_TASK TO COMPLETE_. For the material below, output exactly the span from the line with "#52=VECTOR('',#51,1.);" to the line with "#62=DIRECTION('',(0.,1.,0.));", including both, and nothing besides.

[TASK INPUTS Boundary: Start]

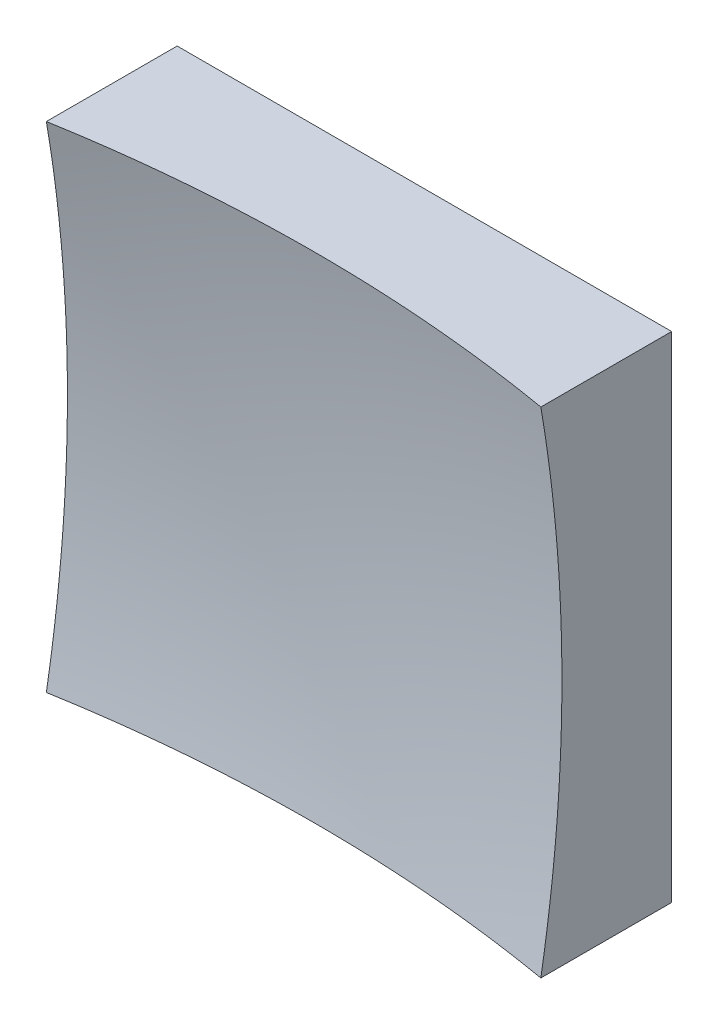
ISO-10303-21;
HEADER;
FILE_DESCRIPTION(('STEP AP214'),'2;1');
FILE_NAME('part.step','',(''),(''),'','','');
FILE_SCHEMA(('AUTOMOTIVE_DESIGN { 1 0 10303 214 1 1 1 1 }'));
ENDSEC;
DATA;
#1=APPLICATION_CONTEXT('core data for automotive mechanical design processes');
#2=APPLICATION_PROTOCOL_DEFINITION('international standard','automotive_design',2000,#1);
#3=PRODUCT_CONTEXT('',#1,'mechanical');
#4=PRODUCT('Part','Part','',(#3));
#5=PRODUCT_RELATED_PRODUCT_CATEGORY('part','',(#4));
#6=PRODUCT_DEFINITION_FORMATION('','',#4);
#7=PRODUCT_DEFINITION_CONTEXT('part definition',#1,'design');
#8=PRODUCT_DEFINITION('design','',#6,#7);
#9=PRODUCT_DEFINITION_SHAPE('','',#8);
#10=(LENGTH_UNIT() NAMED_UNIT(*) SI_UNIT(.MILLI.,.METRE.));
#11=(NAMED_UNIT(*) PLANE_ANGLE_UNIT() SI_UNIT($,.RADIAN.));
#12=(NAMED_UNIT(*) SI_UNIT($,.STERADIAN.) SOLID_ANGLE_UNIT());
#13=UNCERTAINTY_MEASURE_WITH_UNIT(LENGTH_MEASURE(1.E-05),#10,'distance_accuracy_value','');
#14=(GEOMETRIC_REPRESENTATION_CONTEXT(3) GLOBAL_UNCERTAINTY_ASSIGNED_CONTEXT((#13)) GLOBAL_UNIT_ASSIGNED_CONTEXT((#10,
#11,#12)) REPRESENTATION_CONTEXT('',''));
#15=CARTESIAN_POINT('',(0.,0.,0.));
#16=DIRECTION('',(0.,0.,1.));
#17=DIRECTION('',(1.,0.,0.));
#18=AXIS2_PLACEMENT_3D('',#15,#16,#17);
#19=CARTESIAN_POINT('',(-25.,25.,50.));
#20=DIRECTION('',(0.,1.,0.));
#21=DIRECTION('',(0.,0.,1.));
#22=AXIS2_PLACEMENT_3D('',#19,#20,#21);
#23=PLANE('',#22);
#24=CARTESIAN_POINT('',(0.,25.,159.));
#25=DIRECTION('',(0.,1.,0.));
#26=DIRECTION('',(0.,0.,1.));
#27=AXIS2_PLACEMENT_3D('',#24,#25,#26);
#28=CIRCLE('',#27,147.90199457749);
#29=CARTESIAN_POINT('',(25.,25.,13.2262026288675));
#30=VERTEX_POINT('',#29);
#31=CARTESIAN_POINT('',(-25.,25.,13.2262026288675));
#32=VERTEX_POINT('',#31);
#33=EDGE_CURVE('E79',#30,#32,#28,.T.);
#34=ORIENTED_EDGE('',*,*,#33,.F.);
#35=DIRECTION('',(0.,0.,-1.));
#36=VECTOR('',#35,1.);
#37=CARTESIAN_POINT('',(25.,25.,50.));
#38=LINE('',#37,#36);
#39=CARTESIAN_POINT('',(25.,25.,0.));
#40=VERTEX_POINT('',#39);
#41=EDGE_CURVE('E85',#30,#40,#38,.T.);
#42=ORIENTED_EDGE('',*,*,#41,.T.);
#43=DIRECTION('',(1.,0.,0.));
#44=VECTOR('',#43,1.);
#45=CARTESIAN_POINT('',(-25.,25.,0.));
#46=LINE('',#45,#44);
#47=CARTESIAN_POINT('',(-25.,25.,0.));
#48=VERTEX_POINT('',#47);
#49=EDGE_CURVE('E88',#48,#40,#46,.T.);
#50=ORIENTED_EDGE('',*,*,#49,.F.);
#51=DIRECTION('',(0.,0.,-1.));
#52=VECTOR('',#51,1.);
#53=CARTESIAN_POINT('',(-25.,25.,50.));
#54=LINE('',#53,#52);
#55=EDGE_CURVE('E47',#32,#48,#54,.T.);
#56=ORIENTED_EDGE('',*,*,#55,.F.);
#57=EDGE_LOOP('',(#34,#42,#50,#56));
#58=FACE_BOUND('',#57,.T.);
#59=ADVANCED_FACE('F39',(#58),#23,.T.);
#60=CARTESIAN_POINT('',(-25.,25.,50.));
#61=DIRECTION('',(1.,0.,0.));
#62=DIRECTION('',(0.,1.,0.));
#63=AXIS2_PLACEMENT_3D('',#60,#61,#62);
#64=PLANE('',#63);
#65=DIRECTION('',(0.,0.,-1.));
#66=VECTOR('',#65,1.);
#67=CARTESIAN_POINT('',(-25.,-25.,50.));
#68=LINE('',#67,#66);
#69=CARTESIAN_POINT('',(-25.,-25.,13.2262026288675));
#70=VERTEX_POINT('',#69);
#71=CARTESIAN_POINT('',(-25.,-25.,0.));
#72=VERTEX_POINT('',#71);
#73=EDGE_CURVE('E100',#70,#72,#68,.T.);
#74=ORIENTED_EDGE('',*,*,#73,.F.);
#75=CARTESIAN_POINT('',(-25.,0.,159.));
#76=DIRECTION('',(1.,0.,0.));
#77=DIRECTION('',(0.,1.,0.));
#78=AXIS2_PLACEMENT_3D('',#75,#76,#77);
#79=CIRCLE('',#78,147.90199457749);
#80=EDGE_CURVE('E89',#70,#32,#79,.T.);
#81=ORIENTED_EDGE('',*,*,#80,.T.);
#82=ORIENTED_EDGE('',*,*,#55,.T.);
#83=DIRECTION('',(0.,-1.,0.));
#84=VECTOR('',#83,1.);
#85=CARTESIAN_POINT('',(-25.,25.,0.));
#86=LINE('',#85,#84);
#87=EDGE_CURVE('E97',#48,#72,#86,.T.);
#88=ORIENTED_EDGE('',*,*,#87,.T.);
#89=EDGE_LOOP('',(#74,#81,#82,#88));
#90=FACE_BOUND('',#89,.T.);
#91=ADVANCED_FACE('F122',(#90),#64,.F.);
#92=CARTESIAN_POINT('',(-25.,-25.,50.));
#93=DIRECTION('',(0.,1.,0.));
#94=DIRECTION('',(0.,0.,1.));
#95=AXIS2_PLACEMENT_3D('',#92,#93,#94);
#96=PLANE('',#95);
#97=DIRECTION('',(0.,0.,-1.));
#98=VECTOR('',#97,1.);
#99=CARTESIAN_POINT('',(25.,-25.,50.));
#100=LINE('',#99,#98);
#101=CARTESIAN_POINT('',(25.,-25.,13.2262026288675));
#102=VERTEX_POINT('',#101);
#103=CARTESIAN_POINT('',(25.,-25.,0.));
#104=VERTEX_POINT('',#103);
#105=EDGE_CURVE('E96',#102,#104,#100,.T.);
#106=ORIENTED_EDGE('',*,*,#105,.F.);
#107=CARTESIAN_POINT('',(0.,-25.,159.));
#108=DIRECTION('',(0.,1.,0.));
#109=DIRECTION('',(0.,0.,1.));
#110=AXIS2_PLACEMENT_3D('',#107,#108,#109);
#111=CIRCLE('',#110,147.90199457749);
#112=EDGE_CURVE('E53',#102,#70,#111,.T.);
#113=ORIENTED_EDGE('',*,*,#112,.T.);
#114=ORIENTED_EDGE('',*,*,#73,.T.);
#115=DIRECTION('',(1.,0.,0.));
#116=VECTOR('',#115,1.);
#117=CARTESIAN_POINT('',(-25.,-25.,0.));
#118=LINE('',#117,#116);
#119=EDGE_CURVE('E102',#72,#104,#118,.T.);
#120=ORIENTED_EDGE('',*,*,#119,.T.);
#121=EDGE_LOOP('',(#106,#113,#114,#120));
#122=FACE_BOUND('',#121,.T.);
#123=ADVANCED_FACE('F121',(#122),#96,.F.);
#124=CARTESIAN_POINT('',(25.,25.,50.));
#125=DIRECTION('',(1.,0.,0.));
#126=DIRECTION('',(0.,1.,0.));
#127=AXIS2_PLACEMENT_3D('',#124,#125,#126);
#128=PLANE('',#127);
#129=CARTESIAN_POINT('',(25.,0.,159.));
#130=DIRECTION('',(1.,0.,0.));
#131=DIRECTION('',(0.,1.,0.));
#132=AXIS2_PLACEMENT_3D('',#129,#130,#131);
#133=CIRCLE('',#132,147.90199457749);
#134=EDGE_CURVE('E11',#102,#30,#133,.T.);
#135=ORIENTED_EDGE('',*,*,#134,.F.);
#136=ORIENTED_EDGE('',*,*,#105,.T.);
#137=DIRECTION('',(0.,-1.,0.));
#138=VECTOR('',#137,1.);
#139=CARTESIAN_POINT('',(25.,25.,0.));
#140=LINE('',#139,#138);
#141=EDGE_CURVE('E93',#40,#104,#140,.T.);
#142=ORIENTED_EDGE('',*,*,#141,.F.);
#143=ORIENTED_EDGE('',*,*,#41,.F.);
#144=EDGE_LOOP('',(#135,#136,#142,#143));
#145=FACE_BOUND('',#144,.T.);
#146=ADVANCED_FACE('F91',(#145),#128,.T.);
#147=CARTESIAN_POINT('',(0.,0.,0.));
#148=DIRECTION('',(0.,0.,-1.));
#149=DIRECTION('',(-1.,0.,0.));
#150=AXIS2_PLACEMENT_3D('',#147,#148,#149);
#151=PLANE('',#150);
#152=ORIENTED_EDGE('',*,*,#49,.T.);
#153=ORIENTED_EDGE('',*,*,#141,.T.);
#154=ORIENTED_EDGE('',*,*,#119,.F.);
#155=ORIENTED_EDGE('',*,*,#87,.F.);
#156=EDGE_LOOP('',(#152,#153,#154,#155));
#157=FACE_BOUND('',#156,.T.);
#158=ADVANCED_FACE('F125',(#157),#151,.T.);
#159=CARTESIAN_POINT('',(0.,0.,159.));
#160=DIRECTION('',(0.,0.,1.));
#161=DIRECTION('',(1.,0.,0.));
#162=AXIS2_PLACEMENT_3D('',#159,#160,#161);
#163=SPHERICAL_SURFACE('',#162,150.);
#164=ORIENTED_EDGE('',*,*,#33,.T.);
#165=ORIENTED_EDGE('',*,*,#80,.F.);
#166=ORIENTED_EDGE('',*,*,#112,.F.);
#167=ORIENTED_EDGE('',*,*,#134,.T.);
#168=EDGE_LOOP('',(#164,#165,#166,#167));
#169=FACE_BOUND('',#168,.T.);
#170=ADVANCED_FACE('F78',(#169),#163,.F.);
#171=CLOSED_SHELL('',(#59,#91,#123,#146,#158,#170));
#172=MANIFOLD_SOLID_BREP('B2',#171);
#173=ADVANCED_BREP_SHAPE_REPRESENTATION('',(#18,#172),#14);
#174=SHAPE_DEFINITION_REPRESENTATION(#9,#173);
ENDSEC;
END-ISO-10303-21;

[TASK INPUTS Boundary: End]

_SOLUTION TO THIS PROBLEM_.
#52=VECTOR('',#51,1.);
#53=CARTESIAN_POINT('',(-25.,25.,50.));
#54=LINE('',#53,#52);
#55=EDGE_CURVE('E47',#32,#48,#54,.T.);
#56=ORIENTED_EDGE('',*,*,#55,.F.);
#57=EDGE_LOOP('',(#34,#42,#50,#56));
#58=FACE_BOUND('',#57,.T.);
#59=ADVANCED_FACE('F39',(#58),#23,.T.);
#60=CARTESIAN_POINT('',(-25.,25.,50.));
#61=DIRECTION('',(1.,0.,0.));
#62=DIRECTION('',(0.,1.,0.));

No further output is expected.